Following The Leader

Sunday, January 10, 2010

Today has been a very special day. The Lord's Day.
Oh, how I rejoiced, and was glad in it.
(Psa. 118:24)

Hearing from God today, was so very special. I thought to myself as I heard the special music in both services...how much I loved so many people. God has put such a love in me that I have been selfish with...but no more. It has to get out. It's just NEEDED. It's TIME.
I wondered if many of the people whom I love, know how much I love them? I felt broken inside as I thought about how deeply I loved so many people that have been in my life.
I wondered to myself, could any of them possibly know what they "really" mean to me? Could I possibly convey even a fraction of what their lives lived before me, has done for mine?
God has truly blessed me with so many wonderful family members, both blood-related, and Christ's blood-related. What precious friendships God has sent my way.
I have been encouraged so often by so many...that I couldn't even begin to start naming them.
Pro 27:9Ointment and perfume rejoice the heart: so [doth] the sweetness of a man's friend by hearty counsel.
I have to say, that today-not only am I grateful for the Godly people that God has placed in my life, I am also grateful for the people who has wished to do me harm that has crossed my path. YES. You heard that right.
God knows what is best for each of us. Had He not saw fit to allow satan to buffet me in such a way as to allow those who meant harm to come my way...then I would not have gained the knowledge and wisdom that I have today. I would not have grown, spiritually. God knows...I still have such a long way to go. Still So much to learn.
Some may think that I'm crazy, but I DO count it all joy that temptations still do head my way....those things that make me a much stronger person. Those that make me LEAN ON CHRIST MORE.
God only knows- had I not had those trials and people creating stumbling blocks...I would not have sought Him out no where NEAR enough!!! On my own...I'm pathetic. Nothing, actually. He knew that I would come to Him no other way than SHATTERED. So, Jesus brought the rain...
and it cleansed. It washed me whiter than snow. It refreshed me. It renewed my spirit. I am learning to embrace the hardships and thank God for them...so today, that includes thanking Him for those who are not necessarily considering themselves "my friends," as well as those who are so very special to me.
God knows that my heart wishes that everyone would be my friend. But, I'm a realist. You can't please everyone all the time, and at the same time, for sure-and I am learning that that's OK.

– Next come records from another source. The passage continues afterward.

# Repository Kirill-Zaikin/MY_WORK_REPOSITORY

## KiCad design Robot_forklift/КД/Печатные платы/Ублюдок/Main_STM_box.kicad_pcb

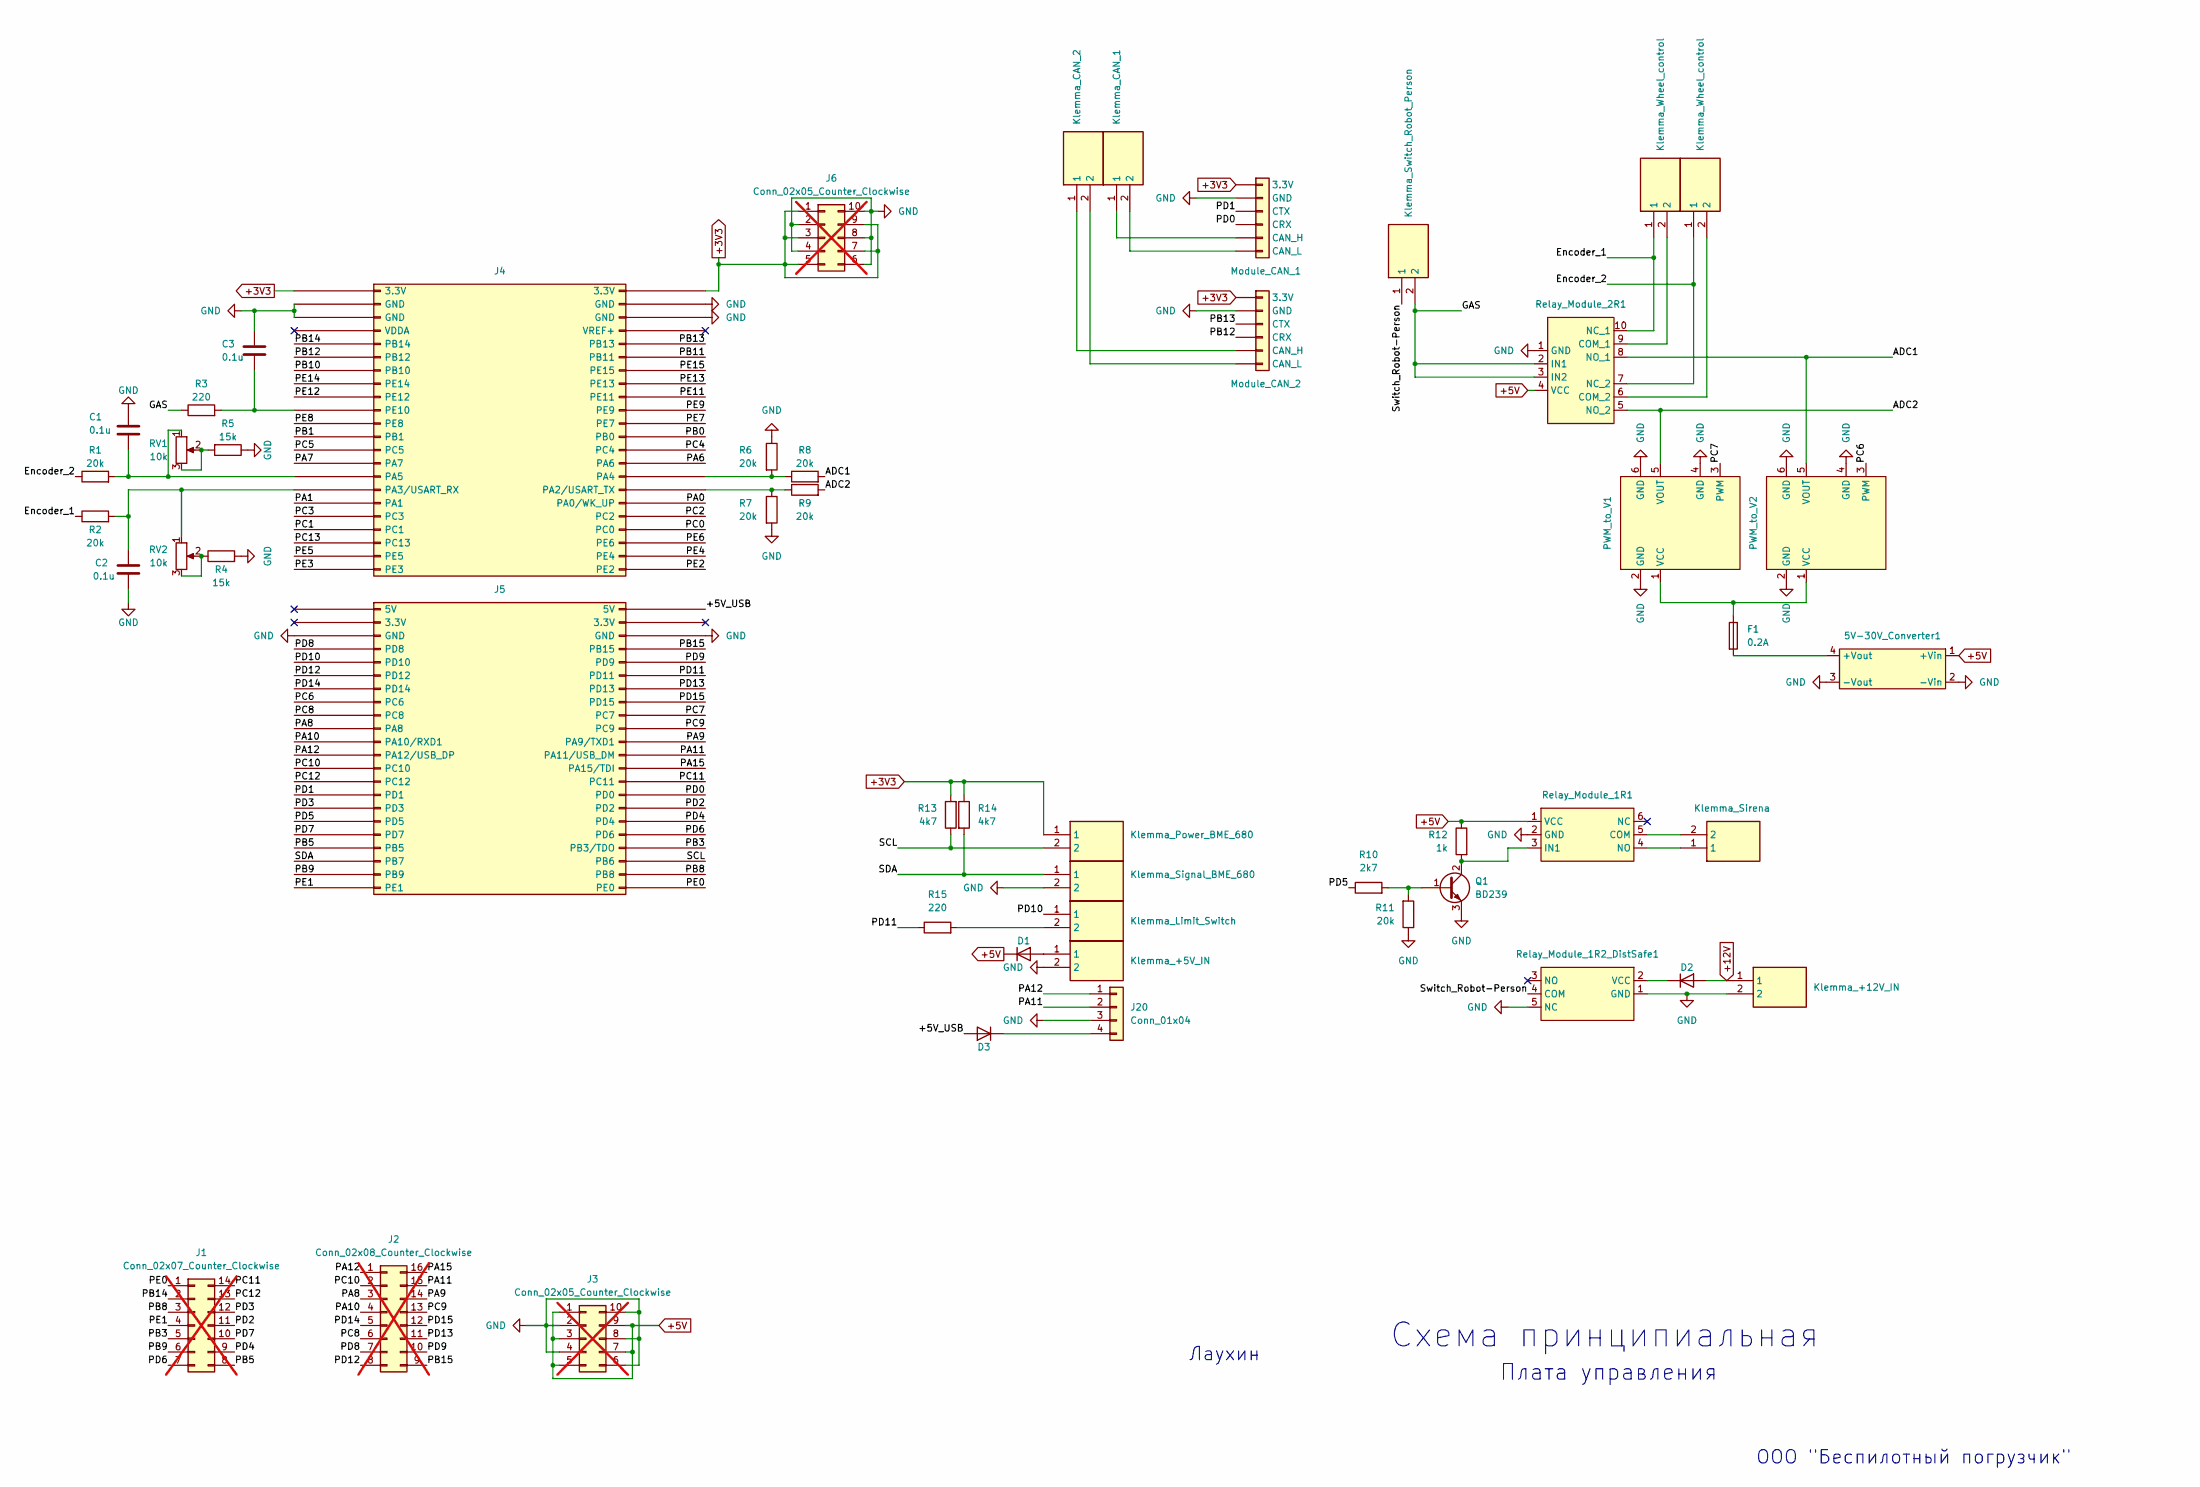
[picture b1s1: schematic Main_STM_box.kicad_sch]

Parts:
5V-30V_Converter1: 5V-30V_Converter; Manufacturer_Part_Number PBS-8 (DS-1023 -1x 8)
C1, C2, C3: 0.1u; C_Axial_L3.8mm_D2.6mm_P10.00mm_Horizontal; Manufacturer_Part_Number К10-17Б 0.1 мкФ X7R,10%, 1206, JYM1H104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
D1, D2, D3: D; D_A-405_P7.62mm_Horizontal; Manufacturer_Part_Number 1N4002
F1: 0.2A; FuseHolder_5x20mm; Manufacturer_Part_Number 2672 пред держ 5x20\закр\2P\\\
J1: Conn_02x07_Counter_Clockwise; PinHeader_2x07_P2.54mm_Vertical; not fitted
J2: Conn_02x08_Counter_Clockwise; PinHeader_2x08_P2.54mm_Vertical; not fitted
J3, J6: Conn_02x05_Counter_Clockwise; PinHeader_2x05_P2.54mm_Vertical; not fitted
J4, J5: Conn_02x22_Odd_Even; PinSocket_2x22_P2.54mm_Vertical; Manufacturer_Part_Number PBD-44 (DS1023-2x22S21)
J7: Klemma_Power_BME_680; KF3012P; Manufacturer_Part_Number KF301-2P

This coming week, I will be fasting from TV, computer, and a few other things that God is laying on my heart, as a part of a church-wide effort to bring us closer to the Lord. I tell you all this, to make you aware that if you do not hear from me in this next week via the web-this is why- do not be alarmed...I will be ABOUT MY FATHER'S BUSINESS!!! :-)
Please be in prayer for Henry Baptist Church, and it's many ministries and members, as we fervently seek the Lord this week and get SERIOUS about hearing from Him!
I am excited to see what He has in store for me in this week, and what He will be showing me, as I draw closer to Him.
For all you family and friends that read this...THANK YOU...
for loving me, supporting me, for being willing to pray for me and my family, and for be willing to be used of God to make a difference in our lives. Each and every one of you, mean a lot to me, and I don't know that I could express that enough. Sometimes, there are no words for the depth of love and the great debt of gratitude that I have.
Thank you for being a FRIEND.

Mean business before the Lord this week! He is soooo worthy to be praised and honored and magnified. Don't find yourself ashamed if He comes back today. Let Him find you SEEKING HIM.

Job 42:10
And the Lord turned the captivity of Job, when he prayed for his friends: also the Lord gave Job twice as much as he had before.

Mar 5:19:
Howbeit Jesus suffered him not, but saith unto him, go home to they friends, and tell them how GREAT THINGS the Lord hath done for thee, and hath compassion on thee.

1 Cr 15:58
Therefore, my beloved brethren, be ye steadfast, unmoveable, always abounding in the work of the Lord, forasmuch as ye know that your labor is not in vain in the Lord.